RECORDS SHOWN:
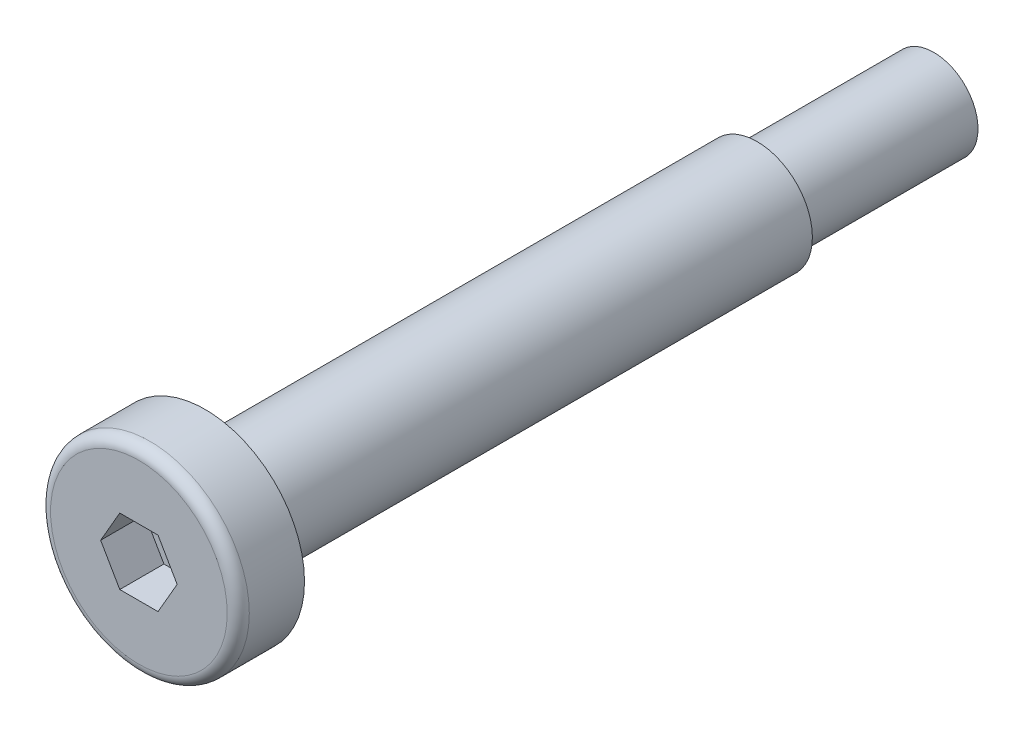
ISO-10303-21;
HEADER;
FILE_DESCRIPTION(('STEP AP214'),'2;1');
FILE_NAME('part.step','',(''),(''),'','','');
FILE_SCHEMA(('AUTOMOTIVE_DESIGN { 1 0 10303 214 1 1 1 1 }'));
ENDSEC;
DATA;
#1=APPLICATION_CONTEXT('core data for automotive mechanical design processes');
#2=APPLICATION_PROTOCOL_DEFINITION('international standard','automotive_design',2000,#1);
#3=PRODUCT_CONTEXT('',#1,'mechanical');
#4=PRODUCT('Part','Part','',(#3));
#5=PRODUCT_RELATED_PRODUCT_CATEGORY('part','',(#4));
#6=PRODUCT_DEFINITION_FORMATION('','',#4);
#7=PRODUCT_DEFINITION_CONTEXT('part definition',#1,'design');
#8=PRODUCT_DEFINITION('design','',#6,#7);
#9=PRODUCT_DEFINITION_SHAPE('','',#8);
#10=(LENGTH_UNIT() NAMED_UNIT(*) SI_UNIT(.MILLI.,.METRE.));
#11=(NAMED_UNIT(*) PLANE_ANGLE_UNIT() SI_UNIT($,.RADIAN.));
#12=(NAMED_UNIT(*) SI_UNIT($,.STERADIAN.) SOLID_ANGLE_UNIT());
#13=UNCERTAINTY_MEASURE_WITH_UNIT(LENGTH_MEASURE(1.E-05),#10,'distance_accuracy_value','');
#14=(GEOMETRIC_REPRESENTATION_CONTEXT(3) GLOBAL_UNCERTAINTY_ASSIGNED_CONTEXT((#13)) GLOBAL_UNIT_ASSIGNED_CONTEXT((#10,
#11,#12)) REPRESENTATION_CONTEXT('',''));
#15=CARTESIAN_POINT('',(0.,0.,0.));
#16=DIRECTION('',(0.,0.,1.));
#17=DIRECTION('',(1.,0.,0.));
#18=AXIS2_PLACEMENT_3D('',#15,#16,#17);
#19=CARTESIAN_POINT('',(0.,0.,3.));
#20=DIRECTION('',(0.,0.,1.));
#21=DIRECTION('',(1.,0.,0.));
#22=AXIS2_PLACEMENT_3D('',#19,#20,#21);
#23=PLANE('',#22);
#24=CARTESIAN_POINT('',(0.,0.,3.));
#25=DIRECTION('',(0.,0.,1.));
#26=DIRECTION('',(1.,0.,0.));
#27=AXIS2_PLACEMENT_3D('',#24,#25,#26);
#28=CIRCLE('',#27,4.);
#29=CARTESIAN_POINT('',(4.,0.,3.));
#30=VERTEX_POINT('',#29);
#31=EDGE_CURVE('E49',#30,#30,#28,.T.);
#32=ORIENTED_EDGE('',*,*,#31,.T.);
#33=EDGE_LOOP('',(#32));
#34=FACE_BOUND('',#33,.T.);
#35=DIRECTION('',(-1.,0.,0.));
#36=VECTOR('',#35,1.);
#37=CARTESIAN_POINT('',(0.,-1.5,3.));
#38=LINE('',#37,#36);
#39=CARTESIAN_POINT('',(0.866025403784439,-1.5,3.));
#40=VERTEX_POINT('',#39);
#41=CARTESIAN_POINT('',(-0.866025403784438,-1.5,3.));
#42=VERTEX_POINT('',#41);
#43=EDGE_CURVE('E136',#40,#42,#38,.T.);
#44=ORIENTED_EDGE('',*,*,#43,.T.);
#45=DIRECTION('',(-0.5,0.866025403784439,0.));
#46=VECTOR('',#45,1.);
#47=CARTESIAN_POINT('',(-1.29903810567666,-0.75,3.));
#48=LINE('',#47,#46);
#49=CARTESIAN_POINT('',(-1.73205080756888,0.,3.));
#50=VERTEX_POINT('',#49);
#51=EDGE_CURVE('E56',#42,#50,#48,.T.);
#52=ORIENTED_EDGE('',*,*,#51,.T.);
#53=DIRECTION('',(0.5,0.866025403784439,0.));
#54=VECTOR('',#53,1.);
#55=CARTESIAN_POINT('',(-1.29903810567666,0.75,3.));
#56=LINE('',#55,#54);
#57=CARTESIAN_POINT('',(-0.866025403784439,1.5,3.));
#58=VERTEX_POINT('',#57);
#59=EDGE_CURVE('E127',#50,#58,#56,.T.);
#60=ORIENTED_EDGE('',*,*,#59,.T.);
#61=DIRECTION('',(1.,0.,0.));
#62=VECTOR('',#61,1.);
#63=CARTESIAN_POINT('',(0.,1.5,3.));
#64=LINE('',#63,#62);
#65=CARTESIAN_POINT('',(0.866025403784438,1.5,3.));
#66=VERTEX_POINT('',#65);
#67=EDGE_CURVE('E130',#58,#66,#64,.T.);
#68=ORIENTED_EDGE('',*,*,#67,.T.);
#69=DIRECTION('',(0.5,-0.866025403784438,0.));
#70=VECTOR('',#69,1.);
#71=CARTESIAN_POINT('',(1.29903810567666,0.750000000000001,3.));
#72=LINE('',#71,#70);
#73=CARTESIAN_POINT('',(1.73205080756888,0.,3.));
#74=VERTEX_POINT('',#73);
#75=EDGE_CURVE('E133',#66,#74,#72,.T.);
#76=ORIENTED_EDGE('',*,*,#75,.T.);
#77=DIRECTION('',(-0.5,-0.866025403784439,0.));
#78=VECTOR('',#77,1.);
#79=CARTESIAN_POINT('',(1.29903810567666,-0.75,3.));
#80=LINE('',#79,#78);
#81=EDGE_CURVE('E117',#74,#40,#80,.T.);
#82=ORIENTED_EDGE('',*,*,#81,.T.);
#83=EDGE_LOOP('',(#44,#52,#60,#68,#76,#82));
#84=FACE_BOUND('',#83,.T.);
#85=ADVANCED_FACE('F41',(#34,#84),#23,.T.);
#86=CARTESIAN_POINT('',(0.,0.,3.));
#87=DIRECTION('',(0.,0.,-1.));
#88=DIRECTION('',(-1.,0.,0.));
#89=AXIS2_PLACEMENT_3D('',#86,#87,#88);
#90=CYLINDRICAL_SURFACE('',#89,4.5);
#91=CARTESIAN_POINT('',(0.,0.,2.5));
#92=DIRECTION('',(0.,0.,1.));
#93=DIRECTION('',(1.,0.,0.));
#94=AXIS2_PLACEMENT_3D('',#91,#92,#93);
#95=CIRCLE('',#94,4.5);
#96=CARTESIAN_POINT('',(4.5,0.,2.5));
#97=VERTEX_POINT('',#96);
#98=EDGE_CURVE('E11',#97,#97,#95,.F.);
#99=ORIENTED_EDGE('',*,*,#98,.T.);
#100=EDGE_LOOP('',(#99));
#101=FACE_BOUND('',#100,.T.);
#102=CARTESIAN_POINT('',(0.,0.,0.));
#103=DIRECTION('',(0.,0.,1.));
#104=DIRECTION('',(1.,0.,0.));
#105=AXIS2_PLACEMENT_3D('',#102,#103,#104);
#106=CIRCLE('',#105,4.5);
#107=CARTESIAN_POINT('',(4.5,0.,0.));
#108=VERTEX_POINT('',#107);
#109=EDGE_CURVE('E157',#108,#108,#106,.T.);
#110=ORIENTED_EDGE('',*,*,#109,.T.);
#111=EDGE_LOOP('',(#110));
#112=FACE_BOUND('',#111,.T.);
#113=ADVANCED_FACE('F176',(#101,#112),#90,.T.);
#114=CARTESIAN_POINT('',(0.,0.,0.));
#115=DIRECTION('',(0.,0.,1.));
#116=DIRECTION('',(1.,0.,0.));
#117=AXIS2_PLACEMENT_3D('',#114,#115,#116);
#118=PLANE('',#117);
#119=CARTESIAN_POINT('',(0.,0.,0.));
#120=DIRECTION('',(0.,0.,1.));
#121=DIRECTION('',(1.,0.,0.));
#122=AXIS2_PLACEMENT_3D('',#119,#120,#121);
#123=CIRCLE('',#122,2.5);
#124=CARTESIAN_POINT('',(2.5,0.,0.));
#125=VERTEX_POINT('',#124);
#126=EDGE_CURVE('E151',#125,#125,#123,.T.);
#127=ORIENTED_EDGE('',*,*,#126,.T.);
#128=EDGE_LOOP('',(#127));
#129=FACE_BOUND('',#128,.T.);
#130=ORIENTED_EDGE('',*,*,#109,.F.);
#131=EDGE_LOOP('',(#130));
#132=FACE_BOUND('',#131,.T.);
#133=ADVANCED_FACE('F180',(#129,#132),#118,.F.);
#134=CARTESIAN_POINT('',(0.,0.,-25.));
#135=DIRECTION('',(0.,0.,1.));
#136=DIRECTION('',(1.,0.,0.));
#137=AXIS2_PLACEMENT_3D('',#134,#135,#136);
#138=CYLINDRICAL_SURFACE('',#137,2.5);
#139=CARTESIAN_POINT('',(0.,0.,-25.));
#140=DIRECTION('',(0.,0.,1.));
#141=DIRECTION('',(1.,0.,0.));
#142=AXIS2_PLACEMENT_3D('',#139,#140,#141);
#143=CIRCLE('',#142,2.5);
#144=CARTESIAN_POINT('',(2.5,0.,-25.));
#145=VERTEX_POINT('',#144);
#146=EDGE_CURVE('E154',#145,#145,#143,.T.);
#147=ORIENTED_EDGE('',*,*,#146,.T.);
#148=EDGE_LOOP('',(#147));
#149=FACE_BOUND('',#148,.T.);
#150=ORIENTED_EDGE('',*,*,#126,.F.);
#151=EDGE_LOOP('',(#150));
#152=FACE_BOUND('',#151,.T.);
#153=ADVANCED_FACE('F184',(#149,#152),#138,.T.);
#154=CARTESIAN_POINT('',(0.,0.,-25.));
#155=DIRECTION('',(0.,0.,1.));
#156=DIRECTION('',(1.,0.,0.));
#157=AXIS2_PLACEMENT_3D('',#154,#155,#156);
#158=PLANE('',#157);
#159=CARTESIAN_POINT('',(0.,0.,-25.));
#160=DIRECTION('',(0.,0.,1.));
#161=DIRECTION('',(1.,0.,0.));
#162=AXIS2_PLACEMENT_3D('',#159,#160,#161);
#163=CIRCLE('',#162,2.);
#164=CARTESIAN_POINT('',(2.,0.,-25.));
#165=VERTEX_POINT('',#164);
#166=EDGE_CURVE('E147',#165,#165,#163,.T.);
#167=ORIENTED_EDGE('',*,*,#166,.T.);
#168=EDGE_LOOP('',(#167));
#169=FACE_BOUND('',#168,.T.);
#170=ORIENTED_EDGE('',*,*,#146,.F.);
#171=EDGE_LOOP('',(#170));
#172=FACE_BOUND('',#171,.T.);
#173=ADVANCED_FACE('F191',(#169,#172),#158,.F.);
#174=CARTESIAN_POINT('',(0.,0.,-33.));
#175=DIRECTION('',(0.,0.,1.));
#176=DIRECTION('',(1.,0.,0.));
#177=AXIS2_PLACEMENT_3D('',#174,#175,#176);
#178=CYLINDRICAL_SURFACE('',#177,2.);
#179=CARTESIAN_POINT('',(0.,0.,-33.));
#180=DIRECTION('',(0.,0.,1.));
#181=DIRECTION('',(1.,0.,0.));
#182=AXIS2_PLACEMENT_3D('',#179,#180,#181);
#183=CIRCLE('',#182,2.);
#184=CARTESIAN_POINT('',(2.,0.,-33.));
#185=VERTEX_POINT('',#184);
#186=EDGE_CURVE('E148',#185,#185,#183,.T.);
#187=ORIENTED_EDGE('',*,*,#186,.T.);
#188=EDGE_LOOP('',(#187));
#189=FACE_BOUND('',#188,.T.);
#190=ORIENTED_EDGE('',*,*,#166,.F.);
#191=EDGE_LOOP('',(#190));
#192=FACE_BOUND('',#191,.T.);
#193=ADVANCED_FACE('F201',(#189,#192),#178,.T.);
#194=CARTESIAN_POINT('',(0.,0.,-33.));
#195=DIRECTION('',(0.,0.,1.));
#196=DIRECTION('',(1.,0.,0.));
#197=AXIS2_PLACEMENT_3D('',#194,#195,#196);
#198=PLANE('',#197);
#199=ORIENTED_EDGE('',*,*,#186,.F.);
#200=EDGE_LOOP('',(#199));
#201=FACE_BOUND('',#200,.T.);
#202=ADVANCED_FACE('F208',(#201),#198,.F.);
#203=CARTESIAN_POINT('',(-1.29903810567666,-0.75,1.));
#204=DIRECTION('',(0.866025403784438,0.5,0.));
#205=DIRECTION('',(-0.5,0.866025403784439,0.));
#206=AXIS2_PLACEMENT_3D('',#203,#204,#205);
#207=PLANE('',#206);
#208=ORIENTED_EDGE('',*,*,#51,.F.);
#209=DIRECTION('',(0.,0.,1.));
#210=VECTOR('',#209,1.);
#211=CARTESIAN_POINT('',(-0.866025403784438,-1.5,1.));
#212=LINE('',#211,#210);
#213=CARTESIAN_POINT('',(-0.866025403784438,-1.5,1.));
#214=VERTEX_POINT('',#213);
#215=EDGE_CURVE('E122',#214,#42,#212,.T.);
#216=ORIENTED_EDGE('',*,*,#215,.F.);
#217=DIRECTION('',(-0.5,0.866025403784439,0.));
#218=VECTOR('',#217,1.);
#219=CARTESIAN_POINT('',(-1.29903810567666,-0.75,1.));
#220=LINE('',#219,#218);
#221=CARTESIAN_POINT('',(-1.73205080756888,0.,1.));
#222=VERTEX_POINT('',#221);
#223=EDGE_CURVE('E139',#214,#222,#220,.T.);
#224=ORIENTED_EDGE('',*,*,#223,.T.);
#225=DIRECTION('',(0.,0.,1.));
#226=VECTOR('',#225,1.);
#227=CARTESIAN_POINT('',(-1.73205080756888,0.,1.));
#228=LINE('',#227,#226);
#229=EDGE_CURVE('E145',#222,#50,#228,.T.);
#230=ORIENTED_EDGE('',*,*,#229,.T.);
#231=EDGE_LOOP('',(#208,#216,#224,#230));
#232=FACE_BOUND('',#231,.T.);
#233=ADVANCED_FACE('F214',(#232),#207,.T.);
#234=CARTESIAN_POINT('',(-1.29903810567666,0.75,1.));
#235=DIRECTION('',(0.866025403784439,-0.5,0.));
#236=DIRECTION('',(0.5,0.866025403784439,0.));
#237=AXIS2_PLACEMENT_3D('',#234,#235,#236);
#238=PLANE('',#237);
#239=ORIENTED_EDGE('',*,*,#59,.F.);
#240=ORIENTED_EDGE('',*,*,#229,.F.);
#241=DIRECTION('',(0.5,0.866025403784439,0.));
#242=VECTOR('',#241,1.);
#243=CARTESIAN_POINT('',(-1.29903810567666,0.75,1.));
#244=LINE('',#243,#242);
#245=CARTESIAN_POINT('',(-0.866025403784439,1.5,1.));
#246=VERTEX_POINT('',#245);
#247=EDGE_CURVE('E95',#222,#246,#244,.T.);
#248=ORIENTED_EDGE('',*,*,#247,.T.);
#249=DIRECTION('',(0.,0.,1.));
#250=VECTOR('',#249,1.);
#251=CARTESIAN_POINT('',(-0.866025403784439,1.5,1.));
#252=LINE('',#251,#250);
#253=EDGE_CURVE('E143',#246,#58,#252,.T.);
#254=ORIENTED_EDGE('',*,*,#253,.T.);
#255=EDGE_LOOP('',(#239,#240,#248,#254));
#256=FACE_BOUND('',#255,.T.);
#257=ADVANCED_FACE('F218',(#256),#238,.T.);
#258=CARTESIAN_POINT('',(0.,1.5,1.));
#259=DIRECTION('',(0.,-1.,0.));
#260=DIRECTION('',(1.,0.,0.));
#261=AXIS2_PLACEMENT_3D('',#258,#259,#260);
#262=PLANE('',#261);
#263=ORIENTED_EDGE('',*,*,#67,.F.);
#264=ORIENTED_EDGE('',*,*,#253,.F.);
#265=DIRECTION('',(1.,0.,0.));
#266=VECTOR('',#265,1.);
#267=CARTESIAN_POINT('',(0.,1.5,1.));
#268=LINE('',#267,#266);
#269=CARTESIAN_POINT('',(0.866025403784438,1.5,1.));
#270=VERTEX_POINT('',#269);
#271=EDGE_CURVE('E113',#246,#270,#268,.T.);
#272=ORIENTED_EDGE('',*,*,#271,.T.);
#273=DIRECTION('',(0.,0.,1.));
#274=VECTOR('',#273,1.);
#275=CARTESIAN_POINT('',(0.866025403784438,1.5,1.));
#276=LINE('',#275,#274);
#277=EDGE_CURVE('E110',#270,#66,#276,.T.);
#278=ORIENTED_EDGE('',*,*,#277,.T.);
#279=EDGE_LOOP('',(#263,#264,#272,#278));
#280=FACE_BOUND('',#279,.T.);
#281=ADVANCED_FACE('F221',(#280),#262,.T.);
#282=CARTESIAN_POINT('',(1.29903810567666,0.750000000000001,1.));
#283=DIRECTION('',(-0.866025403784438,-0.5,0.));
#284=DIRECTION('',(0.5,-0.866025403784438,0.));
#285=AXIS2_PLACEMENT_3D('',#282,#283,#284);
#286=PLANE('',#285);
#287=ORIENTED_EDGE('',*,*,#75,.F.);
#288=ORIENTED_EDGE('',*,*,#277,.F.);
#289=DIRECTION('',(0.5,-0.866025403784438,0.));
#290=VECTOR('',#289,1.);
#291=CARTESIAN_POINT('',(1.29903810567666,0.750000000000001,1.));
#292=LINE('',#291,#290);
#293=CARTESIAN_POINT('',(1.73205080756888,0.,1.));
#294=VERTEX_POINT('',#293);
#295=EDGE_CURVE('E105',#270,#294,#292,.T.);
#296=ORIENTED_EDGE('',*,*,#295,.T.);
#297=DIRECTION('',(0.,0.,1.));
#298=VECTOR('',#297,1.);
#299=CARTESIAN_POINT('',(1.73205080756888,0.,1.));
#300=LINE('',#299,#298);
#301=EDGE_CURVE('E109',#294,#74,#300,.T.);
#302=ORIENTED_EDGE('',*,*,#301,.T.);
#303=EDGE_LOOP('',(#287,#288,#296,#302));
#304=FACE_BOUND('',#303,.T.);
#305=ADVANCED_FACE('F108',(#304),#286,.T.);
#306=CARTESIAN_POINT('',(1.29903810567666,-0.75,1.));
#307=DIRECTION('',(-0.866025403784439,0.5,0.));
#308=DIRECTION('',(-0.5,-0.866025403784439,0.));
#309=AXIS2_PLACEMENT_3D('',#306,#307,#308);
#310=PLANE('',#309);
#311=ORIENTED_EDGE('',*,*,#81,.F.);
#312=ORIENTED_EDGE('',*,*,#301,.F.);
#313=DIRECTION('',(-0.5,-0.866025403784439,0.));
#314=VECTOR('',#313,1.);
#315=CARTESIAN_POINT('',(1.29903810567666,-0.75,1.));
#316=LINE('',#315,#314);
#317=CARTESIAN_POINT('',(0.866025403784439,-1.5,1.));
#318=VERTEX_POINT('',#317);
#319=EDGE_CURVE('E112',#294,#318,#316,.T.);
#320=ORIENTED_EDGE('',*,*,#319,.T.);
#321=DIRECTION('',(0.,0.,1.));
#322=VECTOR('',#321,1.);
#323=CARTESIAN_POINT('',(0.866025403784439,-1.5,1.));
#324=LINE('',#323,#322);
#325=EDGE_CURVE('E86',#318,#40,#324,.T.);
#326=ORIENTED_EDGE('',*,*,#325,.T.);
#327=EDGE_LOOP('',(#311,#312,#320,#326));
#328=FACE_BOUND('',#327,.T.);
#329=ADVANCED_FACE('F115',(#328),#310,.T.);
#330=CARTESIAN_POINT('',(0.,-1.5,1.));
#331=DIRECTION('',(0.,1.,0.));
#332=DIRECTION('',(0.,0.,1.));
#333=AXIS2_PLACEMENT_3D('',#330,#331,#332);
#334=PLANE('',#333);
#335=ORIENTED_EDGE('',*,*,#43,.F.);
#336=ORIENTED_EDGE('',*,*,#325,.F.);
#337=DIRECTION('',(-1.,0.,0.));
#338=VECTOR('',#337,1.);
#339=CARTESIAN_POINT('',(0.,-1.5,1.));
#340=LINE('',#339,#338);
#341=EDGE_CURVE('E64',#318,#214,#340,.T.);
#342=ORIENTED_EDGE('',*,*,#341,.T.);
#343=ORIENTED_EDGE('',*,*,#215,.T.);
#344=EDGE_LOOP('',(#335,#336,#342,#343));
#345=FACE_BOUND('',#344,.T.);
#346=ADVANCED_FACE('F172',(#345),#334,.T.);
#347=CARTESIAN_POINT('',(0.,0.,1.));
#348=DIRECTION('',(0.,0.,-1.));
#349=DIRECTION('',(-1.,0.,0.));
#350=AXIS2_PLACEMENT_3D('',#347,#348,#349);
#351=PLANE('',#350);
#352=ORIENTED_EDGE('',*,*,#223,.F.);
#353=ORIENTED_EDGE('',*,*,#341,.F.);
#354=ORIENTED_EDGE('',*,*,#319,.F.);
#355=ORIENTED_EDGE('',*,*,#295,.F.);
#356=ORIENTED_EDGE('',*,*,#271,.F.);
#357=ORIENTED_EDGE('',*,*,#247,.F.);
#358=EDGE_LOOP('',(#352,#353,#354,#355,#356,#357));
#359=FACE_BOUND('',#358,.T.);
#360=ADVANCED_FACE('F120',(#359),#351,.F.);
#361=CARTESIAN_POINT('',(0.,0.,2.5));
#362=DIRECTION('',(0.,0.,1.));
#363=DIRECTION('',(1.,0.,0.));
#364=AXIS2_PLACEMENT_3D('',#361,#362,#363);
#365=TOROIDAL_SURFACE('',#364,4.,0.5);
#366=ORIENTED_EDGE('',*,*,#98,.F.);
#367=EDGE_LOOP('',(#366));
#368=FACE_BOUND('',#367,.T.);
#369=ORIENTED_EDGE('',*,*,#31,.F.);
#370=EDGE_LOOP('',(#369));
#371=FACE_BOUND('',#370,.T.);
#372=ADVANCED_FACE('F43',(#368,#371),#365,.T.);
#373=CLOSED_SHELL('',(#85,#113,#133,#153,#173,#193,#202,#233,#257,#281,#305,#329,#346,#360,#372));
#374=MANIFOLD_SOLID_BREP('B2',#373);
#375=ADVANCED_BREP_SHAPE_REPRESENTATION('',(#18,#374),#14);
#376=SHAPE_DEFINITION_REPRESENTATION(#9,#375);
ENDSEC;
END-ISO-10303-21;

WHAT THE EXERCISE ASKS: Each line from the first line of the data above through the one containing "#49=CARTESIAN_POINT('',(-1.73205080756888,0.,3.));" must be set down exactly; the pictures must not be.

ANSWER FOR THE TASK:
ISO-10303-21;
HEADER;
FILE_DESCRIPTION(('STEP AP214'),'2;1');
FILE_NAME('part.step','',(''),(''),'','','');
FILE_SCHEMA(('AUTOMOTIVE_DESIGN { 1 0 10303 214 1 1 1 1 }'));
ENDSEC;
DATA;
#1=APPLICATION_CONTEXT('core data for automotive mechanical design processes');
#2=APPLICATION_PROTOCOL_DEFINITION('international standard','automotive_design',2000,#1);
#3=PRODUCT_CONTEXT('',#1,'mechanical');
#4=PRODUCT('Part','Part','',(#3));
#5=PRODUCT_RELATED_PRODUCT_CATEGORY('part','',(#4));
#6=PRODUCT_DEFINITION_FORMATION('','',#4);
#7=PRODUCT_DEFINITION_CONTEXT('part definition',#1,'design');
#8=PRODUCT_DEFINITION('design','',#6,#7);
#9=PRODUCT_DEFINITION_SHAPE('','',#8);
#10=(LENGTH_UNIT() NAMED_UNIT(*) SI_UNIT(.MILLI.,.METRE.));
#11=(NAMED_UNIT(*) PLANE_ANGLE_UNIT() SI_UNIT($,.RADIAN.));
#12=(NAMED_UNIT(*) SI_UNIT($,.STERADIAN.) SOLID_ANGLE_UNIT());
#13=UNCERTAINTY_MEASURE_WITH_UNIT(LENGTH_MEASURE(1.E-05),#10,'distance_accuracy_value','');
#14=(GEOMETRIC_REPRESENTATION_CONTEXT(3) GLOBAL_UNCERTAINTY_ASSIGNED_CONTEXT((#13)) GLOBAL_UNIT_ASSIGNED_CONTEXT((#10,
#11,#12)) REPRESENTATION_CONTEXT('',''));
#15=CARTESIAN_POINT('',(0.,0.,0.));
#16=DIRECTION('',(0.,0.,1.));
#17=DIRECTION('',(1.,0.,0.));
#18=AXIS2_PLACEMENT_3D('',#15,#16,#17);
#19=CARTESIAN_POINT('',(0.,0.,3.));
#20=DIRECTION('',(0.,0.,1.));
#21=DIRECTION('',(1.,0.,0.));
#22=AXIS2_PLACEMENT_3D('',#19,#20,#21);
#23=PLANE('',#22);
#24=CARTESIAN_POINT('',(0.,0.,3.));
#25=DIRECTION('',(0.,0.,1.));
#26=DIRECTION('',(1.,0.,0.));
#27=AXIS2_PLACEMENT_3D('',#24,#25,#26);
#28=CIRCLE('',#27,4.);
#29=CARTESIAN_POINT('',(4.,0.,3.));
#30=VERTEX_POINT('',#29);
#31=EDGE_CURVE('E49',#30,#30,#28,.T.);
#32=ORIENTED_EDGE('',*,*,#31,.T.);
#33=EDGE_LOOP('',(#32));
#34=FACE_BOUND('',#33,.T.);
#35=DIRECTION('',(-1.,0.,0.));
#36=VECTOR('',#35,1.);
#37=CARTESIAN_POINT('',(0.,-1.5,3.));
#38=LINE('',#37,#36);
#39=CARTESIAN_POINT('',(0.866025403784439,-1.5,3.));
#40=VERTEX_POINT('',#39);
#41=CARTESIAN_POINT('',(-0.866025403784438,-1.5,3.));
#42=VERTEX_POINT('',#41);
#43=EDGE_CURVE('E136',#40,#42,#38,.T.);
#44=ORIENTED_EDGE('',*,*,#43,.T.);
#45=DIRECTION('',(-0.5,0.866025403784439,0.));
#46=VECTOR('',#45,1.);
#47=CARTESIAN_POINT('',(-1.29903810567666,-0.75,3.));
#48=LINE('',#47,#46);
#49=CARTESIAN_POINT('',(-1.73205080756888,0.,3.));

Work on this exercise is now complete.